Given a set $X$, let's call a relation $\longrightarrow \subseteq X^{\mathbb{N}} \times X$ convergence, if the following hold:
- Every constant sequence converges to the constant, i.e. $$(x, x, \dots) \longrightarrow x \quad \forall x \in X$$
- If a sequence $(x_n)_{n\in \mathbb{N}}$ converges to some $x$, i.e. $(x_n)_n \longrightarrow x$, then so does every subsequence $(x_{n_k})_{k\in \mathbb{N}}$, i.e. $(x_{n_k})_k \longrightarrow x$.
If further limits are unique, i.e. $(x_n)_n \longrightarrow x \wedge (x_n)_n \longrightarrow y \implies x = y$, the convergence is called unique.

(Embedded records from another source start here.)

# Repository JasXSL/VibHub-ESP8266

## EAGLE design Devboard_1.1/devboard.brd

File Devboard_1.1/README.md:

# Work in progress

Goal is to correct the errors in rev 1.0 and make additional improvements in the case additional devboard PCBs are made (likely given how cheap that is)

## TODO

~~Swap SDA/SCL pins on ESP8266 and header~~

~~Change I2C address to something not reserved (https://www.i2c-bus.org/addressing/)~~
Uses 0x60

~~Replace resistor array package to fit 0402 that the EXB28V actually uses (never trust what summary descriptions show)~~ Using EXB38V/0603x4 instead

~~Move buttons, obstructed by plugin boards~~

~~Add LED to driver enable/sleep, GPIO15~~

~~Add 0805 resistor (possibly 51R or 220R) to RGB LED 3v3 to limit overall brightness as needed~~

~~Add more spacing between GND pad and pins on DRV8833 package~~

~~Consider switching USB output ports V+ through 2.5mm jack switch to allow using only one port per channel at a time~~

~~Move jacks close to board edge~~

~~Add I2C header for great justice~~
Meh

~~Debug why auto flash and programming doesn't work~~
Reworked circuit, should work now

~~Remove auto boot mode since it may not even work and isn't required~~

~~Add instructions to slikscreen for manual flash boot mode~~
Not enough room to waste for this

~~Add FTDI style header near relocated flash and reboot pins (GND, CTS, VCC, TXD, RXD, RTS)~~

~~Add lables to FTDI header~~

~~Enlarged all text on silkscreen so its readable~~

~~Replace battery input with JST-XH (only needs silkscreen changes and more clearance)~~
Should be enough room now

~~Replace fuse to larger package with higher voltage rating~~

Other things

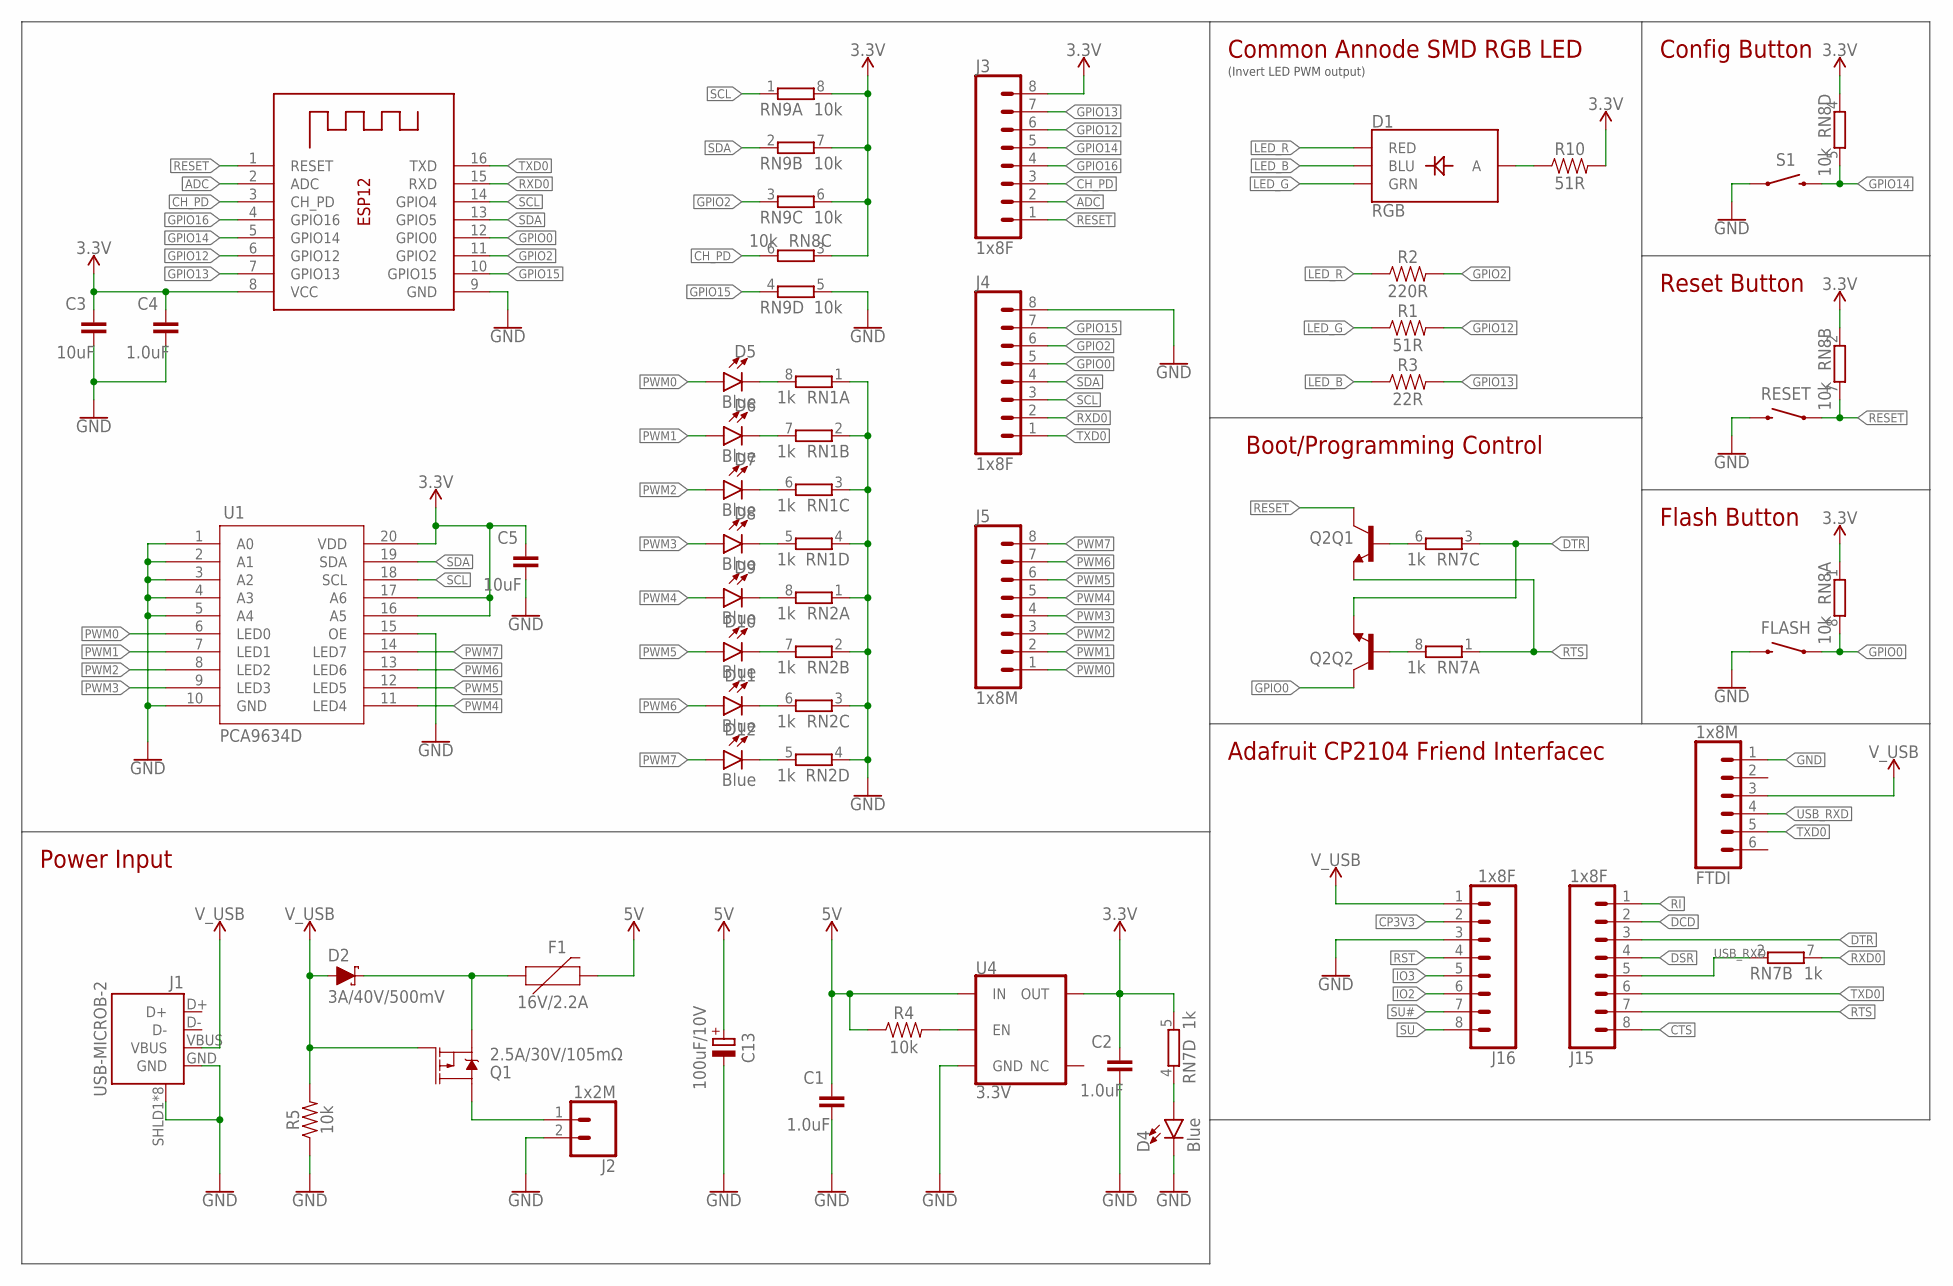
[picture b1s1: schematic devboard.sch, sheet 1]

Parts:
C1, C2, C4: 1.0uF; C0805
C3, C5: 10uF; C0805
C13: 100uF/10V; PANASONIC_D
D1: RGB; P-LCC-4-3
D2: 3A/40V/500mV; SMA-DIODE
D4, D5, D6, D7, D8, D9, D10, D11, D12: Blue; CHIPLED_0805_NOOUTLINE
F1: 16V/2.2A; FUSC7035X90
FLASH: MOMENTARY-SWITCH-SPST-SMD-6.0X3.5MM; TACTILE_SWITCH_SMD_6.0X3.5MM
FTDI: 1x8M; 1X06_LOCK
J1: USB-MICROB-2; USB-MICROB-10118194
J2: 1x2M; 1X02_LOCK_LONGPADS
J3, J4, J15, J16: 1x8F; 1X08_FEMALE_LOCK
J5: 1x8M; 1X08_LOCK
Q1: 2.5A/30V/105mΩ; SOT23-3
Q2: TRANS_NPN_DUAL-MBT3904DW1T1; SC70-6
R1, R10: 51R; 0805
R2: 220R; 0805
R3: 22R; 0805
R4, R5: 10k; 0805
RESET: MOMENTARY-SWITCH-SPST-SMD-6.0X3.5MM; TACTILE_SWITCH_SMD_6.0X3.5MM
RN1, RN2, RN7: 1k; EXB28V
RN8, RN9: 10k; EXB28V
S1: MOMENTARY-SWITCH-SPST-PTH-6.0MM; TACTILE_SWITCH_PTH_6.0MM
U1: PCA9634D; SOIC127P1032X265-20
U4: 3.3V; SOT23-5
X1: ESP12; ESP-12

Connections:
3.3V: C2.1, C3.1, C4.1, C5.1, J3.8, R10.2, RN7.5 (2), RN8.1, RN8.2 (1), RN8.3 (1), RN8.4 (1), RN9.6 (2), RN9.7 (2), RN9.8 (2), U1.16 (A5), U1.17 (A6), U1.20 (VDD), U4.5 (OUT), X1.8 (VCC); also elsewhere on the board
5V: C1.1, C13.+, F1.2, R4.1, U4.1 (IN); also elsewhere on the board
ADC: J3.2, X1.2 (ADC)
CH_PD: J3.3, RN8.6 (2), X1.3 (CH_PD)
CP3V3: J16.2
CTS: J15.8
DCD: J15.2
DSR: J15.4
DTR: J15.3, Q2.1 (E), RN7.3 (1)
GND: C1.2, C2.2, C3.2, C4.2, C5.2, C13.-, D4.C, FLASH.2, FTDI.1, J1.GND, J1.SHLD1 (SHIELD), J1.SHLD2 (SHIELD), J1.SHLD3 (SHIELD), J1.SHLD4 (SHIELD), J1.SHLD5 (SHIELD), J1.SHLD6 (SHIELD), J1.SHLD7 (SHIELD), J1.SHLD8 (SHIELD), J2.2, J4.8, J16.3, R5.1, RESET.2, RN1.1, RN1.2 (1), RN1.3 (1), RN1.4 (1), RN2.1, RN2.2 (1), RN2.3 (1), RN2.4 (1), RN9.5 (2), S1.1, U1.1 (A0), U1.2 (A1), U1.3 (A2), U1.4 (A3), U1.5 (A4), U1.10 (GND), U1.15 (OE), U4.2 (GND), X1.9 (GND); also elsewhere on the board
GPIO0: FLASH.1, J4.5, Q2.6 (C), RN8.8 (2), X1.12 (GPIO0)
GPIO2: J4.6, R2.2, RN9.3 (1), X1.11 (GPIO2)
GPIO12: J3.6, R1.2, X1.6 (GPIO12)
GPIO13: J3.7, R3.2, X1.7 (GPIO13)
GPIO14: J3.5, RN8.5 (2), S1.3 (2), X1.5 (GPIO14)
GPIO15: J4.7, RN9.4 (1), X1.10 (GPIO15); also elsewhere on the board
GPIO16: J3.4, X1.4 (GPIO16)
IO2: J16.6
IO3: J16.5
LED_B: D1.3 (BLU), R3.1
LED_G: D1.2 (GRN), R1.1
LED_R: D1.1 (RED), R2.1
unnamed: R4.2, U4.3 (EN)
unnamed: D5.C, RN1.8 (2)
unnamed: D6.C, RN1.7 (2)
unnamed: J2.1, Q1.3 (D)
unnamed: D2.C, F1.1, Q1.2 (S)
unnamed: D7.C, RN1.6 (2)
unnamed: D8.C, RN1.5 (2)
unnamed: D9.C, RN2.8 (2)
unnamed: D10.C, RN2.7 (2)
unnamed: D11.C, RN2.6 (2)
unnamed: D12.C, RN2.5 (2)
unnamed: D1.4 (A), R10.1
unnamed: Q2.2 (B), RN7.8 (2)
unnamed: Q2.5 (B), RN7.6 (2)
PWM0: D5.A, J5.1, U1.6 (LED0); also elsewhere on the board
PWM1: D6.A, J5.2, U1.7 (LED1); also elsewhere on the board
PWM2: D7.A, J5.3, U1.8 (LED2); also elsewhere on the board
PWM3: D8.A, J5.4, U1.9 (LED3); also elsewhere on the board
PWM4: D9.A, J5.5, U1.11 (LED4); also elsewhere on the board
PWM5: D10.A, J5.6, U1.12 (LED5); also elsewhere on the board
PWM6: D11.A, J5.7, U1.13 (LED6); also elsewhere on the board
PWM7: D12.A, J5.8, U1.14 (LED7); also elsewhere on the board
PWR_LED: D4.A, RN7.4 (1)
RESET: J3.1, Q2.3 (C), RESET.1, RN8.7 (2), X1.1 (RESET)
RI: J15.1
RST: J16.4
RTS: J15.7, Q2.4 (E), RN7.1
RXD0: J4.2, RN7.7 (2), X1.15 (RXD)
SCL: J4.3, RN9.1, U1.18 (SCL), X1.14 (GPIO4)
SDA: J4.4, RN9.2 (1), U1.19 (SDA), X1.13 (GPIO5)
SU: J16.8
SU#: J16.7
TXD0: FTDI.5, J4.1, J15.6, X1.16 (TXD)
USB_RXD: FTDI.4, J15.5, RN7.2 (1)
V_USB: D2.A, FTDI.3, J1.VBUS, J16.1, Q1.1 (G), R5.2

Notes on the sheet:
(Invert LED PWM output)
Reset Button
Config Button
Common Annode SMD RGB LED
Boot/Programming Control
Adafruit CP2104 Friend Interfacec
Power Input
Flash Button

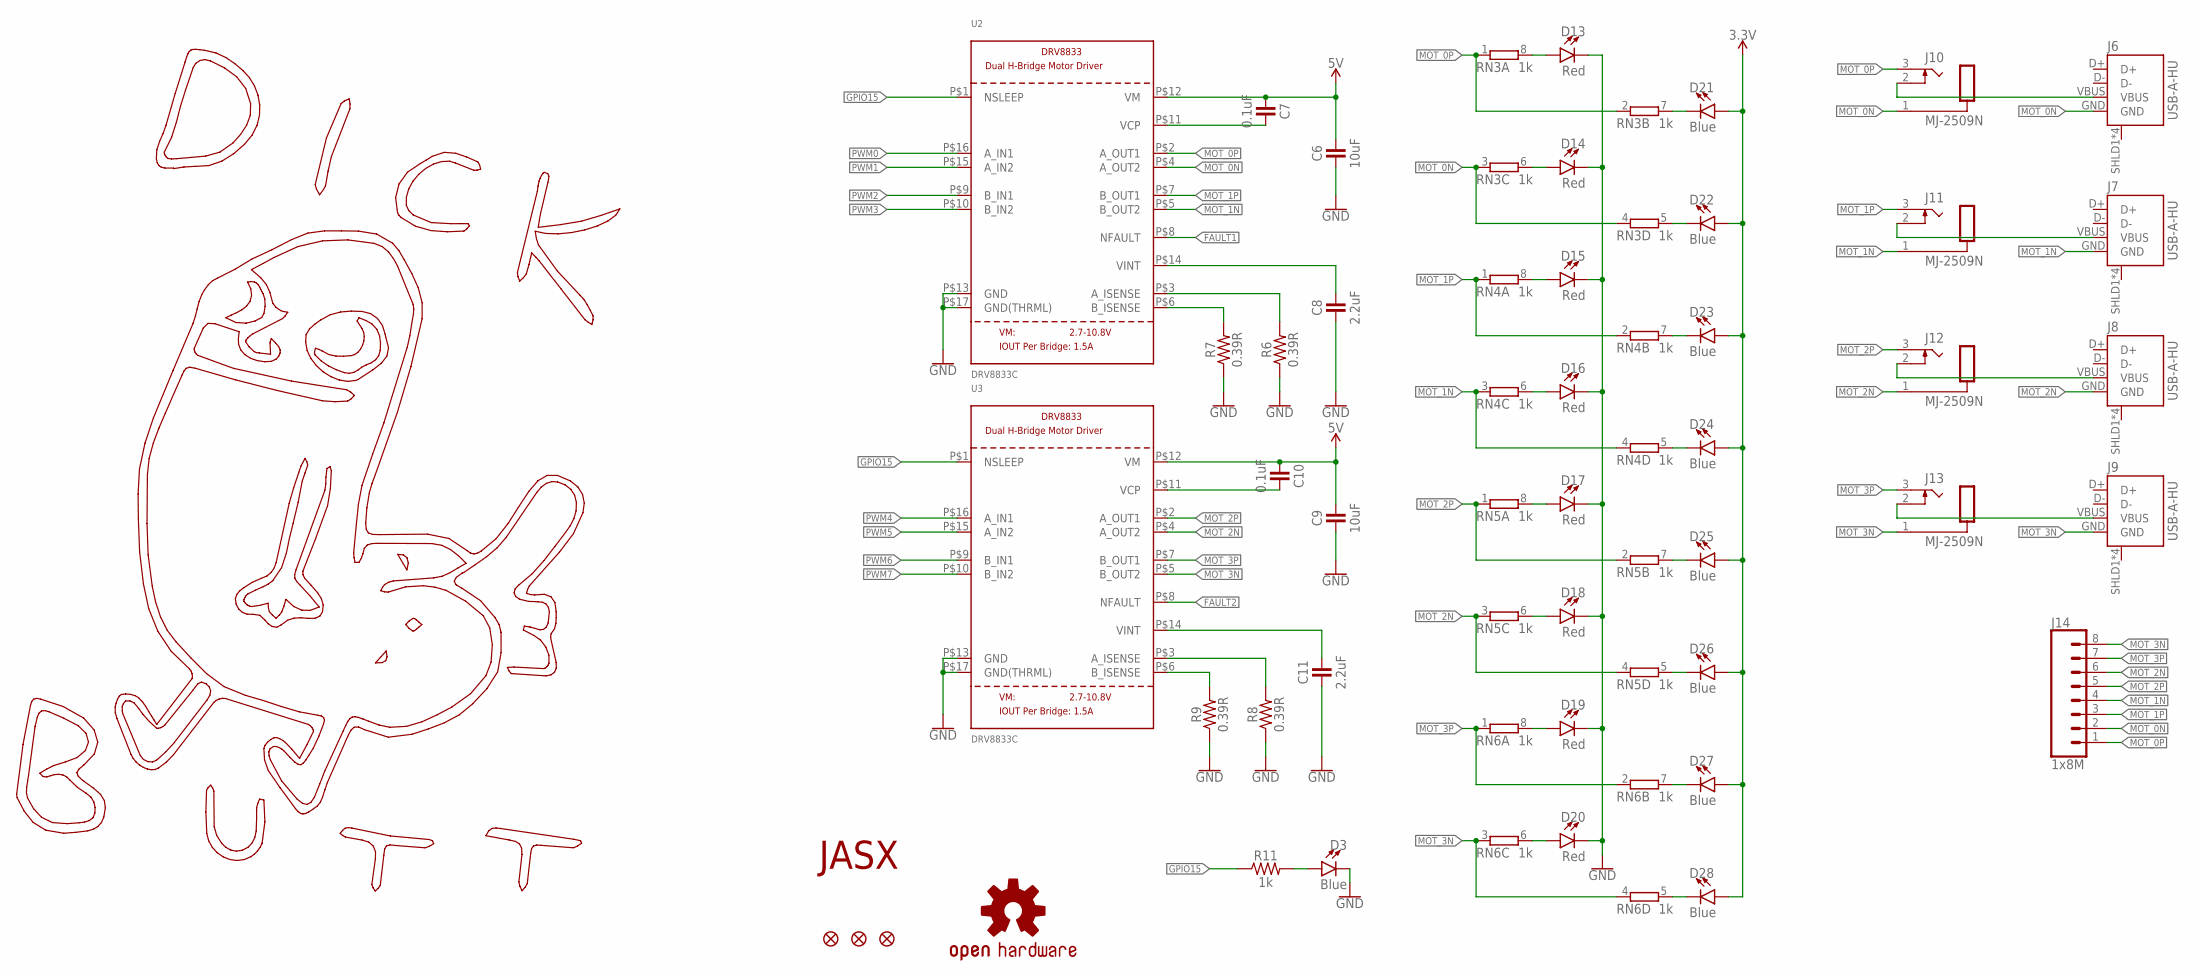
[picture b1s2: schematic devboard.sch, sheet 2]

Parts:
C6, C9: 10uF; C0805
C7, C10: 0.1uF; C0805
C8, C11: 2.2uF; C0805
D3, D21, D22, D23, D24, D25, D26, D27, D28: Blue; CHIPLED_0805_NOOUTLINE
D13, D14, D15, D16, D17, D18, D19, D20: Red; CHIPLED_0805_NOOUTLINE
FD1, FD2, FD3: FIDUCIAL1X2; FIDUCIAL-1X2
J6, J7, J8, J9: USB-A-HU
J10, J11, J12, J13: MJ-2509N
J14: 1x8M; 1X08_LOCK
LOGO1: OSHW-LOGOM; OSHW-LOGO-M
R6, R7, R8, R9: 0.39R; 0805
R11: 1k; 0805
RN3, RN4, RN5, RN6: 1k; EXB28V
U2, U3: DRV8833C; HTSSOP16
U$1: DICKBUTTCOPPER; DICKBUTT_COPPER
U$2: JASX_LOGO_LARGE; JASX_LOGO

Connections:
3.3V: D21.A, D22.A, D23.A, D24.A, D25.A, D26.A, D27.A, D28.A; also elsewhere on the board
5V: C6.2, C7.1, C9.2, C10.1, U2.P$12 (VM), U3.P$12 (VM); also elsewhere on the board
A_ISENSE0: R6.2, U2.P$3 (A_ISENSE)
A_ISENSE1: R8.2, U3.P$3 (A_ISENSE)
B_ISENSE0: R7.2, U2.P$6 (B_ISENSE)
B_ISENSE1: R9.2, U3.P$6 (B_ISENSE)
FAULT1: U2.P$8 (NFAULT)
FAULT2: U3.P$8 (NFAULT)
GND: C6.1, C8.1, C9.1, C11.1, D3.C, D13.C, D14.C, D15.C, D16.C, D17.C, D18.C, D19.C, D20.C, R6.1, R7.1, R8.1, R9.1, U2.P$13 (GND), U2.P$17 (GND(THRML)), U3.P$13 (GND), U3.P$17 (GND(THRML)); also elsewhere on the board
GPIO15: R11.1, U2.P$1 (NSLEEP), U3.P$1 (NSLEEP); also elsewhere on the board
MOT_0N: J6.GND, J10.1 (S), J14.2, RN3.3 (1), RN3.4 (1), U2.P$4 (A_OUT2)
MOT_0P: J10.3 (T), J14.1, RN3.1, RN3.2 (1), U2.P$2 (A_OUT1)
MOT_1N: J7.GND, J11.1 (S), J14.4, RN4.3 (1), RN4.4 (1), U2.P$5 (B_OUT2)
MOT_1P: J11.3 (T), J14.3, RN4.1, RN4.2 (1), U2.P$7 (B_OUT1)
MOT_2N: J8.GND, J12.1 (S), J14.6, RN5.3 (1), RN5.4 (1), U3.P$4 (A_OUT2)
MOT_2P: J12.3 (T), J14.5, RN5.1, RN5.2 (1), U3.P$2 (A_OUT1)
MOT_3N: J9.GND, J13.1 (S), J14.8, RN6.3 (1), RN6.4 (1), U3.P$5 (B_OUT2)
MOT_3P: J13.3 (T), J14.7, RN6.1, RN6.2 (1), U3.P$7 (B_OUT1)
unnamed: D3.A, R11.2
unnamed: J9.VBUS, J13.2 (TS)
unnamed: D21.C, RN3.7 (2)
unnamed: D13.A, RN3.8 (2)
unnamed: D14.A, RN3.6 (2)
unnamed: D15.A, RN4.8 (2)
unnamed: D16.A, RN4.6 (2)
unnamed: D17.A, RN5.8 (2)
unnamed: D18.A, RN5.6 (2)
unnamed: D19.A, RN6.8 (2)
unnamed: D20.A, RN6.6 (2)
unnamed: D22.C, RN3.5 (2)
unnamed: D23.C, RN4.7 (2)
unnamed: D24.C, RN4.5 (2)
unnamed: D28.C, RN6.5 (2)
unnamed: D27.C, RN6.7 (2)
unnamed: D26.C, RN5.5 (2)
unnamed: D25.C, RN5.7 (2)
unnamed: J6.VBUS, J10.2 (TS)
unnamed: J7.VBUS, J11.2 (TS)
unnamed: J8.VBUS, J12.2 (TS)
PWM0: U2.P$16 (A_IN1); also elsewhere on the board
PWM1: U2.P$15 (A_IN2); also elsewhere on the board
PWM2: U2.P$9 (B_IN1); also elsewhere on the board
PWM3: U2.P$10 (B_IN2); also elsewhere on the board
PWM4: U3.P$16 (A_IN1); also elsewhere on the board
PWM5: U3.P$15 (A_IN2); also elsewhere on the board
PWM6: U3.P$9 (B_IN1); also elsewhere on the board
PWM7: U3.P$10 (B_IN2); also elsewhere on the board
VCP0: C7.2, U2.P$11 (VCP)
VCP1: C10.2, U3.P$11 (VCP)
VINT0: C8.2, U2.P$14 (VINT)
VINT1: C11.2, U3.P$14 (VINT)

Now, I am interested in the following question in the unique and the non-unique case:
Given a convergence $\longrightarrow$, is there always a topology $\mathcal{O}$ on $X$ such that $$s \longrightarrow x \iff \text{$s$ converges to $x$ in the topological space $(X, \mathcal{O})$}$$ i.e., $\longrightarrow$ can be expressed as topological convergence?
This is just for fun, but I have little experience in topology and only managed to show (I think :)) that the answer is no if condition 1 is omitted.